ADAvault uses a combination of Prometheus and Grafana to to collect data from node instances, and monitor the active and passive clusters that we operate. Delegators have complete transparency on pool operation and performance, with access to the same real time monitoring dashboard that our Ops team uses.
Stake pool availability is at 100% (allowing for cluster switch time), nodes are running release 1.24.2 which has much lower resource demands than earlier releases at Epoch boundaries. Performance tuning has completed for this release with a number of improvements in place for time sync and file systems.
You will notice that the ‘Node Uptime’ and ‘Blocks Forged’ metrics will periodically reset when we move from the active to the passive cluster. We perform this switch when we need to patch or upgrade the nodes to a new cardano release. By running two completely separate clusters we can minimise downtime to seconds while the switch occurs.
Resource utilisation for memory, network and CPU is low (even with the spike at Epoch boundaries) and there is significant capacity on the existing hardware for growth in transactions.
The cardano node software has proven to be very stable to date however we always allow for a comprehensive soak test on the passive cluster when compiling new releases.
Checking historical performance using the pool algorithm allows us to confirm that the ADAvault ADV stake pool has minted all blocks allocated since it started operation*. Expected blocks are based on stake per Epoch, with the recent history of minted blocks (actual/statistical) below.
As you can see in the table above, there is a naturally occurring random variation in blocks allocated per Epoch (some are higher, some lower). This will average over time for pools producing allocated blocks to around 5-6% annual Return on ADA (ROA).

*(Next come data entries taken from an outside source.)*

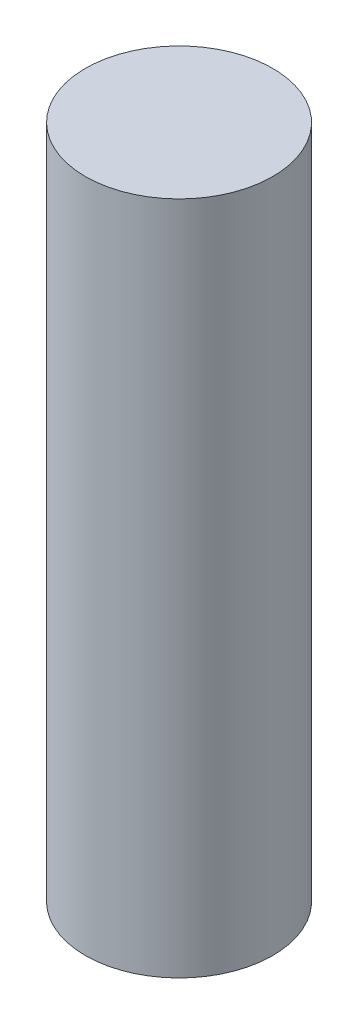
ISO-10303-21;
HEADER;
FILE_DESCRIPTION(('STEP AP214'),'2;1');
FILE_NAME('part.step','',(''),(''),'','','');
FILE_SCHEMA(('AUTOMOTIVE_DESIGN { 1 0 10303 214 1 1 1 1 }'));
ENDSEC;
DATA;
#1=APPLICATION_CONTEXT('core data for automotive mechanical design processes');
#2=APPLICATION_PROTOCOL_DEFINITION('international standard','automotive_design',2000,#1);
#3=PRODUCT_CONTEXT('',#1,'mechanical');
#4=PRODUCT('Part','Part','',(#3));
#5=PRODUCT_RELATED_PRODUCT_CATEGORY('part','',(#4));
#6=PRODUCT_DEFINITION_FORMATION('','',#4);
#7=PRODUCT_DEFINITION_CONTEXT('part definition',#1,'design');
#8=PRODUCT_DEFINITION('design','',#6,#7);
#9=PRODUCT_DEFINITION_SHAPE('','',#8);
#10=(LENGTH_UNIT() NAMED_UNIT(*) SI_UNIT(.MILLI.,.METRE.));
#11=(NAMED_UNIT(*) PLANE_ANGLE_UNIT() SI_UNIT($,.RADIAN.));
#12=(NAMED_UNIT(*) SI_UNIT($,.STERADIAN.) SOLID_ANGLE_UNIT());
#13=UNCERTAINTY_MEASURE_WITH_UNIT(LENGTH_MEASURE(1.E-05),#10,'distance_accuracy_value','');
#14=(GEOMETRIC_REPRESENTATION_CONTEXT(3) GLOBAL_UNCERTAINTY_ASSIGNED_CONTEXT((#13)) GLOBAL_UNIT_ASSIGNED_CONTEXT((#10,
#11,#12)) REPRESENTATION_CONTEXT('',''));
#15=CARTESIAN_POINT('',(0.,0.,0.));
#16=DIRECTION('',(0.,0.,1.));
#17=DIRECTION('',(1.,0.,0.));
#18=AXIS2_PLACEMENT_3D('',#15,#16,#17);
#19=CARTESIAN_POINT('',(0.,7.2,0.));
#20=DIRECTION('',(0.,1.,0.));
#21=DIRECTION('',(0.,0.,1.));
#22=AXIS2_PLACEMENT_3D('',#19,#20,#21);
#23=PLANE('',#22);
#24=CARTESIAN_POINT('',(0.,7.2,0.));
#25=DIRECTION('',(0.,1.,0.));
#26=DIRECTION('',(0.,0.,1.));
#27=AXIS2_PLACEMENT_3D('',#24,#25,#26);
#28=CIRCLE('',#27,1.);
#29=CARTESIAN_POINT('',(0.,7.2,1.));
#30=VERTEX_POINT('',#29);
#31=EDGE_CURVE('E18',#30,#30,#28,.F.);
#32=ORIENTED_EDGE('',*,*,#31,.F.);
#33=EDGE_LOOP('',(#32));
#34=FACE_BOUND('',#33,.T.);
#35=ADVANCED_FACE('F15',(#34),#23,.T.);
#36=CARTESIAN_POINT('',(0.,0.,0.));
#37=DIRECTION('',(0.,1.,0.));
#38=DIRECTION('',(0.,0.,1.));
#39=AXIS2_PLACEMENT_3D('',#36,#37,#38);
#40=PLANE('',#39);
#41=CARTESIAN_POINT('',(0.,0.,0.));
#42=DIRECTION('',(0.,1.,0.));
#43=DIRECTION('',(0.,0.,1.));
#44=AXIS2_PLACEMENT_3D('',#41,#42,#43);
#45=CIRCLE('',#44,1.);
#46=CARTESIAN_POINT('',(0.,0.,1.));
#47=VERTEX_POINT('',#46);
#48=EDGE_CURVE('E10',#47,#47,#45,.T.);
#49=ORIENTED_EDGE('',*,*,#48,.F.);
#50=EDGE_LOOP('',(#49));
#51=FACE_BOUND('',#50,.T.);
#52=ADVANCED_FACE('F30',(#51),#40,.F.);
#53=CARTESIAN_POINT('',(0.,0.,0.));
#54=DIRECTION('',(0.,1.,0.));
#55=DIRECTION('',(0.,0.,1.));
#56=AXIS2_PLACEMENT_3D('',#53,#54,#55);
#57=CYLINDRICAL_SURFACE('',#56,1.);
#58=ORIENTED_EDGE('',*,*,#31,.T.);
#59=EDGE_LOOP('',(#58));
#60=FACE_BOUND('',#59,.T.);
#61=ORIENTED_EDGE('',*,*,#48,.T.);
#62=EDGE_LOOP('',(#61));
#63=FACE_BOUND('',#62,.T.);
#64=ADVANCED_FACE('F27',(#60,#63),#57,.T.);
#65=CLOSED_SHELL('',(#35,#52,#64));
#66=MANIFOLD_SOLID_BREP('B1',#65);
#67=ADVANCED_BREP_SHAPE_REPRESENTATION('',(#18,#66),#14);
#68=SHAPE_DEFINITION_REPRESENTATION(#9,#67);
ENDSEC;
END-ISO-10303-21;

ADAvault has very low latency measurements for connectivity to peers. This is important as it ensures that the stake pool is able to mint all blocks allocated. Real time details are available from PoolTool.io who measure propagation delays across all registered pools.
The important number here is not the average (or median) latency at 479ms, but the mode (or most frequently occurring latency) which is 100ms. The reason the average is less relevant is that it is skewed by the very infrequent long tail which could be removed by connecting to close geographical peers, but has the side effect of making the network weaker and reducing global block propagation.
For comparison it takes approximately 200ms to send a ping request half way around the world. Therefore we can see that 100ms for the mode is towards the lower theoretical bound for latency.
We will be regularly reviewing global peer connectivity in the coming months, and are confident the pool has excellent performance characteristics for reliable block production.